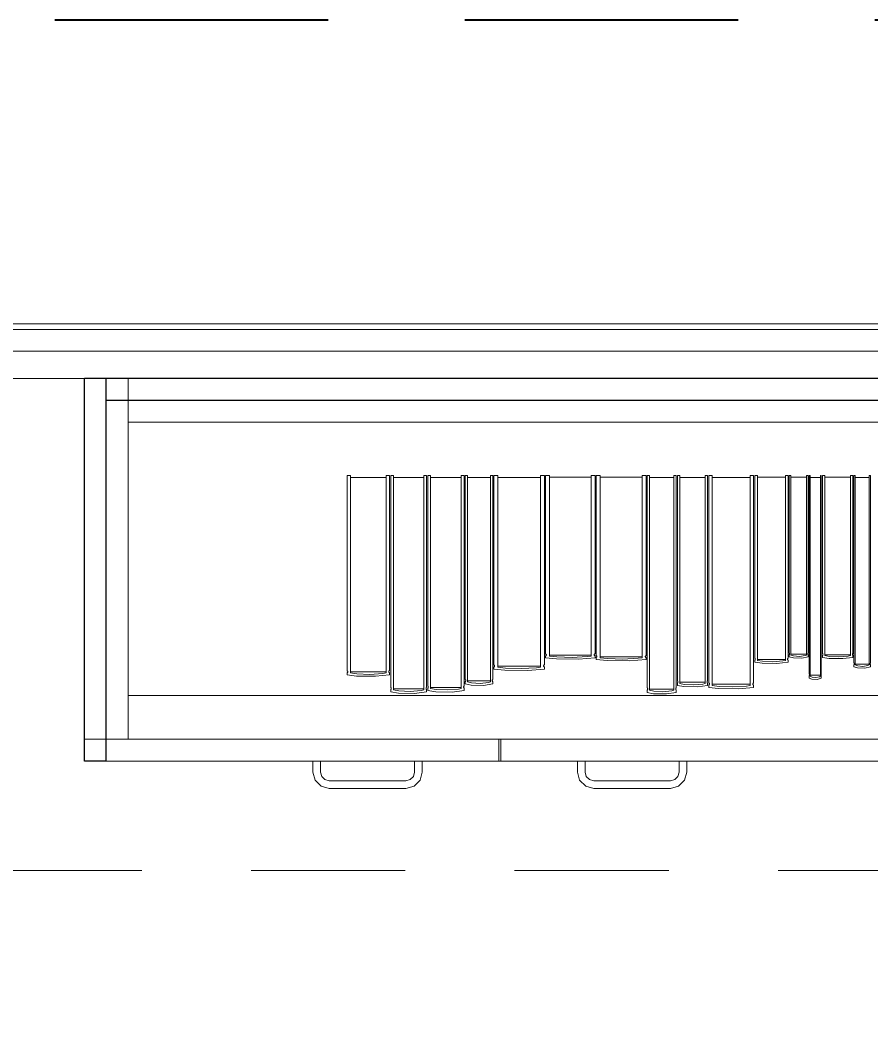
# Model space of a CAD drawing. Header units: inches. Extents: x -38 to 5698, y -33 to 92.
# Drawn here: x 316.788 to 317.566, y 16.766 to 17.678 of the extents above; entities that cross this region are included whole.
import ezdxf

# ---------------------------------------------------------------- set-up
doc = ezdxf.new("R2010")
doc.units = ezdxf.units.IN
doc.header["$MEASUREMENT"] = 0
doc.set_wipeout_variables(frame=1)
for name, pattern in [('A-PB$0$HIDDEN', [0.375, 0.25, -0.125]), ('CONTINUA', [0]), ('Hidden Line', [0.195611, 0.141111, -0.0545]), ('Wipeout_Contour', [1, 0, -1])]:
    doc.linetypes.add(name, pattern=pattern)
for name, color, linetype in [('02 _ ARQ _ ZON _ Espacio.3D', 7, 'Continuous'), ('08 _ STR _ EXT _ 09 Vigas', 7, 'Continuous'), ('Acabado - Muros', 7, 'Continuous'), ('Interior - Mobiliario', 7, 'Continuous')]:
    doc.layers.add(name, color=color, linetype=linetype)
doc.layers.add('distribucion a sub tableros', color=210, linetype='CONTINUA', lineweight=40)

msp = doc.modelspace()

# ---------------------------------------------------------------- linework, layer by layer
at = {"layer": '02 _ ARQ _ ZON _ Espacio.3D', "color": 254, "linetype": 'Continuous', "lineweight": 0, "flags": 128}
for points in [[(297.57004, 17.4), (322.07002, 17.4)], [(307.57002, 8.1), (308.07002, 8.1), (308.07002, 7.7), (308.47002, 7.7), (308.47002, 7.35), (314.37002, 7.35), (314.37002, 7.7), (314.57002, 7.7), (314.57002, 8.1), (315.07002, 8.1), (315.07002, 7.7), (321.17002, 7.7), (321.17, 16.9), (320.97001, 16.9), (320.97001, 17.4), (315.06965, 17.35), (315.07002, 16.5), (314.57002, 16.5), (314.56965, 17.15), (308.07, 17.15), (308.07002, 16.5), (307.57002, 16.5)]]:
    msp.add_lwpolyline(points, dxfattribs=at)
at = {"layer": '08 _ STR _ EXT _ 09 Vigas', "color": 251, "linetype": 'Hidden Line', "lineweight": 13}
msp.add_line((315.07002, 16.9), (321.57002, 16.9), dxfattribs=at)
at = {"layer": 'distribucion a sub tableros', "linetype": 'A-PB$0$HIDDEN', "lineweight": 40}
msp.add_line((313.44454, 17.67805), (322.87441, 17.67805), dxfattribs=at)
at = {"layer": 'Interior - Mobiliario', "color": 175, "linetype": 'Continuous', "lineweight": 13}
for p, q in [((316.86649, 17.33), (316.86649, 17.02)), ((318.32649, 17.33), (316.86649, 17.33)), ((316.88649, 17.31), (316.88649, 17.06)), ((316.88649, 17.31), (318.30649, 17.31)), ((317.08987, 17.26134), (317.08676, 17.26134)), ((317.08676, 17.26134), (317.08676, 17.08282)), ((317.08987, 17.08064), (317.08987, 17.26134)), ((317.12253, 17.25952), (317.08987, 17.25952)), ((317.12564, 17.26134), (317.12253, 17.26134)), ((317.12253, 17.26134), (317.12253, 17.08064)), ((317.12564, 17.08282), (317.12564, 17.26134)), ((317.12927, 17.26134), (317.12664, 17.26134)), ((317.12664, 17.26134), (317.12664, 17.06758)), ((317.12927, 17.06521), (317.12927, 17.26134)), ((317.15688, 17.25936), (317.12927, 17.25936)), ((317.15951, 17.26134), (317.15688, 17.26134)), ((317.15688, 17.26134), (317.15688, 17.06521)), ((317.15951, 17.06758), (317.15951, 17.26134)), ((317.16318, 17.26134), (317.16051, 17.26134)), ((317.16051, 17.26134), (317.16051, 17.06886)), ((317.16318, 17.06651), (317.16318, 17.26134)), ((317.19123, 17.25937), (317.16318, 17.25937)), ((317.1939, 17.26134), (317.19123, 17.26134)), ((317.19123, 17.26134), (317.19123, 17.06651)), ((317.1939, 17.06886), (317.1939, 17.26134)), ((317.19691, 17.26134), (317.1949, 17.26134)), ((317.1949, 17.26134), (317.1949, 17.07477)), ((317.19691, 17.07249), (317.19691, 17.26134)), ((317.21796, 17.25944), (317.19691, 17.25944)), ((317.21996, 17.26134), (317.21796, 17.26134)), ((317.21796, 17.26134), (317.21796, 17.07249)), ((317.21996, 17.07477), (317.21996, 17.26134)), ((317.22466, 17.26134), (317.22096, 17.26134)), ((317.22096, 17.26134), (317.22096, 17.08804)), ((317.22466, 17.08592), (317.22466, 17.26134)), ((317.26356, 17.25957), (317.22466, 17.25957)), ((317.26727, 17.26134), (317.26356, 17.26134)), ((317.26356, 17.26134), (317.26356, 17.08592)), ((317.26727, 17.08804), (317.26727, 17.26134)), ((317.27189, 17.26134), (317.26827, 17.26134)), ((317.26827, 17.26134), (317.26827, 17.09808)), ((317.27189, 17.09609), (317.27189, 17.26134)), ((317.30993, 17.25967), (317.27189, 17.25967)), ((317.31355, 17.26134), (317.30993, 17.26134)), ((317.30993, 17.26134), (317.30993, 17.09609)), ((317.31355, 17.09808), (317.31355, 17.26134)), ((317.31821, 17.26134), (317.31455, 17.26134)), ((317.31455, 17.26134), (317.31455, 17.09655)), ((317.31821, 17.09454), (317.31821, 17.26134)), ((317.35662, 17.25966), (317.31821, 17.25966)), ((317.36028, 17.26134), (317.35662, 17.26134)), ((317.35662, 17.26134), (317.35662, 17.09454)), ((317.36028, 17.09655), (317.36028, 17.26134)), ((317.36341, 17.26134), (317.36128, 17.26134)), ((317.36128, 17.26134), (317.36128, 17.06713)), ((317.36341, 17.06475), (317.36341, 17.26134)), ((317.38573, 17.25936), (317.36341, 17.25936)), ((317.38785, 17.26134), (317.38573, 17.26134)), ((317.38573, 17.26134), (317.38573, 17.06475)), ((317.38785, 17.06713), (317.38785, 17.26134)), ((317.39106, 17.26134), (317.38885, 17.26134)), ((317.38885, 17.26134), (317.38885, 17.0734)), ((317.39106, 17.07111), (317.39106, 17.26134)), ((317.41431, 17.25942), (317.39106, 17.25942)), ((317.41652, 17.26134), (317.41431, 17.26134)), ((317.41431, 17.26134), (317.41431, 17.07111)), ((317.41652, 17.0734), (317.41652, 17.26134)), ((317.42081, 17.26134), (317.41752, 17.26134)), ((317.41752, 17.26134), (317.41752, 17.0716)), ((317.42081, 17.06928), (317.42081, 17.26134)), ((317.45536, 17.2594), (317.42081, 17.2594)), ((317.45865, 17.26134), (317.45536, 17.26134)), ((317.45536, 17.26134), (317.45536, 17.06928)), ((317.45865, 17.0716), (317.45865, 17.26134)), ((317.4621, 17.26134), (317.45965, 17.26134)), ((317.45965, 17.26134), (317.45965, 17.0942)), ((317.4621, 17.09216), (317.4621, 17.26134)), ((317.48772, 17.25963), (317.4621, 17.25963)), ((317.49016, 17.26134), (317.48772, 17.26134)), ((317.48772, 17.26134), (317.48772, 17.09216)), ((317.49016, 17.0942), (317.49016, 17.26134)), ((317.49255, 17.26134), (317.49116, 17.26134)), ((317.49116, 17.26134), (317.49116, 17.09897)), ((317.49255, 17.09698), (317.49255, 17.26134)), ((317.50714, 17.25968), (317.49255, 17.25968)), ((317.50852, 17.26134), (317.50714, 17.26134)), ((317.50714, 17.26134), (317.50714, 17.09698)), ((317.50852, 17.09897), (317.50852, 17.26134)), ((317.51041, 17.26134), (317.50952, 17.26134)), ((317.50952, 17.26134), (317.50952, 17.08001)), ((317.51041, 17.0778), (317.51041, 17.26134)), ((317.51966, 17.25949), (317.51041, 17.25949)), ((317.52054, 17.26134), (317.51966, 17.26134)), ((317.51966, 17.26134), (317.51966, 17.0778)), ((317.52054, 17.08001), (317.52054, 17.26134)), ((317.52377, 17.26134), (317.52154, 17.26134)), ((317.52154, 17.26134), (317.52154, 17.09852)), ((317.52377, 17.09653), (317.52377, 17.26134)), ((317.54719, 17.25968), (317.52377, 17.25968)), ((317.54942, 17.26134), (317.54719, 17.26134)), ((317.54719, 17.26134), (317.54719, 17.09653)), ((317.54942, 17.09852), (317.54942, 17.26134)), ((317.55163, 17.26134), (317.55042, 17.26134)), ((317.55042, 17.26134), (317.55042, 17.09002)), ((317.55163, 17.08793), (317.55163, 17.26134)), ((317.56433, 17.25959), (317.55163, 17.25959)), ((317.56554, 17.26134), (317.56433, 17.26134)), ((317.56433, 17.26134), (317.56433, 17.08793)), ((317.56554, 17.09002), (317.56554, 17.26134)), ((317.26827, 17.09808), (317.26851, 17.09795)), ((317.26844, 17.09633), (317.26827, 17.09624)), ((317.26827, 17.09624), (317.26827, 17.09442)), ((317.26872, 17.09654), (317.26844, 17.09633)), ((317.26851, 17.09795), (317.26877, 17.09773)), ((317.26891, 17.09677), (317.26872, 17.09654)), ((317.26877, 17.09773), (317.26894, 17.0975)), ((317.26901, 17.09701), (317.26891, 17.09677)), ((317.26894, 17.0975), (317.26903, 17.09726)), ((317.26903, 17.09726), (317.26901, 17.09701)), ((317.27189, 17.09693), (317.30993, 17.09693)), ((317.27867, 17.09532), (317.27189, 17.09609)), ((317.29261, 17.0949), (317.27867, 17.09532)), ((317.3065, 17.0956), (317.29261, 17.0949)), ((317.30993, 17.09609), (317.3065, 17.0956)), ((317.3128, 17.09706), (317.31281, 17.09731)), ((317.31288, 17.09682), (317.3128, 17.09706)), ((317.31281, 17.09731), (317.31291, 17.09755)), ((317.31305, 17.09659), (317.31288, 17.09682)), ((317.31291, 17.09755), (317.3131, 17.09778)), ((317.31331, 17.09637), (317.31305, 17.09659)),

● ● ● ●

> **Description of the task**:
Among the entries above, tally each line with the string "tableros" and state that figure only.

> **Answer box**:
2